A share is a bundle of rights that can be bought and sold and entitles the shareholder to meetings, participation in sharing of dividends if and when declared, etc. In private companies like in public companies, holding a share does not entitle or guarantee the holder to participation in the management of the company. Even the right to sell and transfer shares is in most private company context subject to a right of pre-emption – i.e. offering the shares first to those other members of the company. A shareholder, as a result of his ownership of a share can also agree to exercise the rights attached to the share in a particular way. For example, shareholder A can agree with B that he will exercise his votes in favour of shareholder B if B stands for election to the board. It is also quite possible for shareholder A to agree to sell his shares to shareholder B only, should he decide to sell them. The shareholder agreement is no doubt a relatively easy way to achieve agreement and enforcement. Its other advantage includes the fact that it is private and one can easily identify who one would wish to transact with, eg. a large shareholder can transact with him only. A shareholder can therefore secretly contract to control the majority voting rights in a company without owning a majority of the shares. Note however that one of the disadvantages of a shareholder’s agreement is that it does not bind the new owner of the shares. Once a party to a shareholder’s agreement sells them on, the new owner has no obligations under the shareholder’s agreement. Therein lies the fundamental distinction between the way section 11 contract operates to bind future shareholders to the company’s constitution and shareholder agreement under which the new owner of shares has no obligations.
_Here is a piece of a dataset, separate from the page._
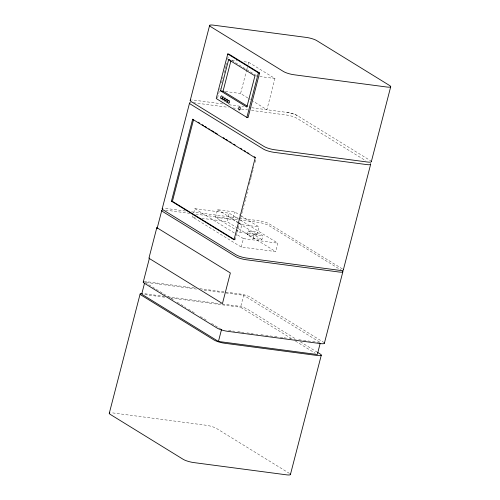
<?xml version="1.0" encoding="UTF-8"?>
<svg xmlns="http://www.w3.org/2000/svg" width="500" height="500" viewBox="0 0 500 500"><rect width="100%" height="100%" fill="white"/><g stroke="black" fill="none" stroke-linecap="round" stroke-linejoin="round"><path stroke-width="0.38" stroke-dasharray="2.5 1.88" d="M217.606 97.925L220.144 88.106M221.513 82.825L223.075 76.781M224.05 73.006L225.806 66.213M226.006 65.456L226.588 63.188M227.569 59.413L228.544 55.637M240.4 220.087L277.85 243.169L275.675 251.594L241.262 247.044L192.638 217.081L193 215.675M193.731 212.869L194.819 208.656L229.225 213.206L239.737 219.681M247.819 97.969L240.581 93.506L246.537 70.475M246.731 69.731L247.881 65.275M248.075 64.531L248.65 62.3L243.319 61.6M241.319 216.012L259.056 226.944L257.094 234.537L239.887 232.269L215.575 217.288L217.544 209.688L234.744 211.962L240.662 215.606M237.562 228.106L227.05 221.625L229.225 213.206M238.694 223.2L232.781 219.556L234.744 211.962M248.65 62.3L274.962 78.519L266.894 109.719L253.081 101.206M235 239.9L236.75 233.137M236.944 232.387L239.475 222.613M240.637 218.1L242.387 211.331M242.581 210.581L245.5 199.306M245.694 198.556L248.225 188.781M249.387 184.269L251.137 177.506M251.331 176.75L253.863 166.975M255.025 162.469L255.806 159.462M239.887 232.269L241.856 224.669L239.225 223.05M241.262 247.044L243.444 238.619L236.875 234.575M247.231 234.706L248.212 230.912L256.812 232.044L262.894 235.794L261.913 239.587L253.306 238.456L247.231 234.706L255.831 235.844L261.913 239.587M253.306 238.456L254.288 234.656L248.212 230.912M255.831 235.844L256.812 232.044M291.5 338.625L240.569 307.238L243.65 295.312L201.944 289.8M231.887 60.087L237.219 60.794M255.556 75.95L256.806 76.119M259.719 76.5L274.962 78.519M225.338 91.494L240.581 93.506M222.725 103.938L194.088 100.156A7.919 1.538 14.5 0 0 191.844 99.994M228.919 104.756L243.625 106.7M251.65 107.706L286.969 112.425A7.831 1.519 14.5 0 1 292.738 113.713L293.675 114.012A7.831 1.519 14.5 0 1 297.319 115.588L370.369 160.6A7.856 1.525 14.5 0 1 370.8 160.894M193.419 102.725L228.25 107.331M232.894 107.944L237.537 108.556M241.412 109.069L247.6 109.887M251.475 110.4L286.306 115A7.831 1.519 14.5 0 1 292.075 116.287L293.012 116.587A7.831 1.519 14.5 0 1 296.656 118.162L365.719 160.719M185.425 211.019L166.075 208.463A7.919 1.538 14.5 0 0 163.831 208.3M191.619 211.838L258.962 220.731A7.831 1.519 14.5 0 1 264.731 222.019L265.669 222.319A7.831 1.519 14.5 0 1 269.306 223.894L342.356 268.906M165.637 210.15L189.631 213.319M195.825 214.137L258.525 222.419A7.831 1.519 14.5 0 1 264.294 223.706L265.231 224.006A7.831 1.519 14.5 0 1 268.875 225.581L341.256 270.188M215.575 217.288L232.781 219.556M192.638 217.081L196.462 217.587M201.812 218.294L227.05 221.625M241.856 224.669L259.056 226.944M254.288 234.656L262.894 235.794M243.444 238.619L277.85 243.169M194.344 287.962L147.125 281.725A7.919 1.538 14.5 0 0 144.325 281.594M199.762 288.681L240.012 294A7.831 1.519 14.5 0 1 245.781 295.281L246.719 295.581A7.831 1.519 14.5 0 1 250.362 297.156L323.413 342.175A7.856 1.525 14.5 0 1 323.844 342.463M196.537 289.088L144.787 282.25L174.55 300.587M164.719 296.381L143.981 293.644A7.806 1.519 14.5 0 0 143.15 293.55M167.794 296.788L221.562 303.894M222.331 303.994L236.931 305.925A7.856 1.525 14.5 0 1 247.3 309.1L296.425 339.375M144.787 294.581L164.875 297.238M170.281 297.95L240.569 307.238M228.469 330.45L234.65 331.269M237.738 331.675L240.831 332.081M241.6 332.188L243.919 332.494M247.006 332.9L250.1 333.306M250.869 333.406L253.188 333.713M256.275 334.125L257.819 334.325M260.912 334.738L264.775 335.244M265.544 335.35L269.406 335.856M270.181 335.962L277.131 336.881M280.219 337.287L283.312 337.694M284.081 337.8L286.4 338.106M289.488 338.512L291.031 338.719M294.125 339.125L295.669 339.331M298.756 339.738L302.619 340.244M303.394 340.35L307.256 340.856M308.025 340.962L311.887 341.469M312.663 341.575L320.387 342.594L243.65 295.312M231.781 60.394L257.438 76.2M248.475 98.369L250.45 99.588M217.544 209.688L238.569 222.644M239.35 223.606L257.094 234.537M238.219 228.512L275.675 251.594M194.819 208.656L234.244 232.95M300.413 341.825L317.006 352.056M295.469 341.069L315.319 353.3M177.2 302.219L185.8 307.519M188.444 309.15L195.719 313.631M200.35 316.488L206.969 320.562M211.594 323.419L218.212 327.494M218.875 327.9L220.856 329.125M289.469 473.419L216.444 428.419A7.856 1.525 14.5 0 0 206.069 425.244L113.119 412.962A7.806 1.519 14.5 0 0 110.881 412.8M286.969 112.425A8 1.556 14.5 0 1 297.319 115.588M190.613 102.6A7.919 1.538 14.5 0 1 191.175 102.569"/><path stroke-width="0.75" d="M109.262 413.35L140.119 294.031M143.244 282.106L149.481 258M157.075 228.612L161.756 210.531M162.194 208.844L189.537 103.112M190.2 100.538L209.594 25.544M144.594 282.994L141.7 294.175L218.438 341.456L317.3 354.519L320.194 343.338M192.638 119.262L255.225 157.831L234.031 239.775L171.444 201.206L192.638 119.262L193.606 119.388L172.413 201.337L234.344 239.494M227.75 53.975L216.231 98.525L246.875 117.406L248.056 117.562L259.581 73.012L228.931 54.131L227.75 53.975L258.4 72.856L259.581 73.012M228.619 59.656L254.931 75.869L246.856 107.075L220.55 90.862L228.619 59.656L229.869 59.819M247.394 106.188L223.056 91.194L230.931 60.731M246.875 117.406L258.4 72.856M218.438 341.456L221.519 329.531M290.444 474.45L321.3 355.131M324.387 343.206L342.9 271.631M343.331 269.938L370.681 164.206M371.344 161.631L390.737 86.638M220.55 90.862L223.056 91.194M171.444 201.206L172.413 201.337M198.219 122.231L199.537 123.044M202.169 124.669L203.487 125.481M204.806 126.294L206.781 127.506M208.762 128.725L210.075 129.537M211.394 130.35L214.031 131.975M215.35 132.787L217.325 134.006M223.256 137.656L224.569 138.469M225.888 139.281L227.862 140.5M229.844 141.719L231.156 142.531M233.794 144.156L235.113 144.963M240.381 148.212L241.7 149.025M244.338 150.65L245.65 151.463M247.631 152.681L248.95 153.494M254.219 156.738L255.538 157.55M317.669 352.463L320.325 354.1A7.856 1.525 14.5 0 1 317.413 355.519L224.513 343.244A7.856 1.525 14.5 0 1 214.137 340.069L141.088 295.056A7.806 1.519 14.5 0 1 142.4 293.494M290.206 473.981A7.856 1.525 14.5 0 1 286.556 474.837L193.65 462.562A7.856 1.525 14.5 0 1 183.281 459.387L110.231 414.375A7.806 1.519 14.5 0 1 109.869 412.9M162.381 210.094A7.919 1.538 14.5 0 0 162.05 210.2L161.838 210.35A7.919 1.538 14.5 0 0 162.681 211.55L235.731 256.569A7.887 1.531 14.5 0 0 246.125 259.744L339.012 272.019A7.856 1.525 14.5 0 0 342.663 271.163M143.869 281.669A7.919 1.538 14.5 0 0 143.537 281.775L143.325 281.925A7.919 1.538 14.5 0 0 144.175 283.131L217.219 328.144A7.887 1.531 14.5 0 0 227.613 331.319L320.5 343.594A7.856 1.525 14.5 0 0 324.331 342.987M190.831 100.094A7.919 1.538 14.5 0 0 190.494 100.206L190.287 100.356A7.919 1.538 14.5 0 0 191.131 101.556L264.181 146.569A7.887 1.531 14.5 0 0 274.569 149.75L367.456 162.025A7.856 1.525 14.5 0 0 371.294 161.412M370.444 163.738A7.856 1.525 14.5 0 1 366.794 164.594L273.906 152.325A7.887 1.531 14.5 0 1 263.512 149.144L190.463 104.131A7.919 1.538 14.5 0 1 189.619 102.931L189.825 102.781A7.919 1.538 14.5 0 1 190.162 102.669M343.281 269.719A7.856 1.525 14.5 0 1 339.45 270.331L246.562 258.056A7.887 1.531 14.5 0 1 236.169 254.875L163.119 209.862A7.919 1.538 14.5 0 1 162.275 208.663L162.481 208.512A7.919 1.538 14.5 0 1 162.819 208.4M156.825 227.638L148.912 258.244L222.45 303.556L230.362 272.956L156.825 227.638M209.887 25.213L209.681 25.356A7.919 1.538 14.5 0 0 210.525 26.562L283.575 71.575A7.887 1.531 14.5 0 0 293.969 74.756L386.85 87.025A7.856 1.525 14.5 0 0 389.762 85.606L316.712 40.594A7.831 1.519 14.5 0 0 313.069 39.013L312.131 38.712A7.831 1.519 14.5 0 0 306.369 37.431L213.481 25.156A7.919 1.538 14.5 0 0 209.887 25.213M221.912 98.506A1.531 0.8 -82.5 0 0 221.85 95.931A1.531 0.8 -82.5 0 0 220.656 97.731A1.531 0.8 -82.5 0 0 221.912 98.506M223.688 99.6A1.531 0.8 -82.5 0 0 223.625 97.025A1.531 0.8 -82.5 0 0 222.431 98.825A1.531 0.8 -82.5 0 0 223.688 99.6M225.556 100.75A1.531 0.8 -82.5 0 0 225.487 98.175A1.531 0.8 -82.5 0 0 224.294 99.975A1.531 0.8 -82.5 0 0 225.556 100.75M227.375 101.875A1.531 0.8 -82.5 0 0 227.312 99.3A1.531 0.8 -82.5 0 0 226.119 101.094A1.531 0.8 -82.5 0 0 227.375 101.875M229.062 102.912A1.531 0.8 -82.5 0 0 229 100.337A1.531 0.8 -82.5 0 0 227.806 102.137A1.531 0.8 -82.5 0 0 229.062 102.912M239.894 109.588A1.531 0.8 -82.5 0 0 239.825 107.013A1.531 0.8 -82.5 0 0 238.631 108.806A1.531 0.8 -82.5 0 0 239.894 109.588"/></g></svg>

Note also that new articles can be drafted for member approval, which take into account the use of new technology, as follows:
  • Notice of meetings of shareholders can be sent by e-mail;
  • Voting on a poll can be done electronically;
  • Proxies can be appointed by e-mail;
  • Board meetings can take place through a series of video conferences or telephone calls from the chairman.

I take this opportunity to wish all my readers locally and internationally a happy Christmas and I do express my appreciation of all their support, comments and criticisms of this column.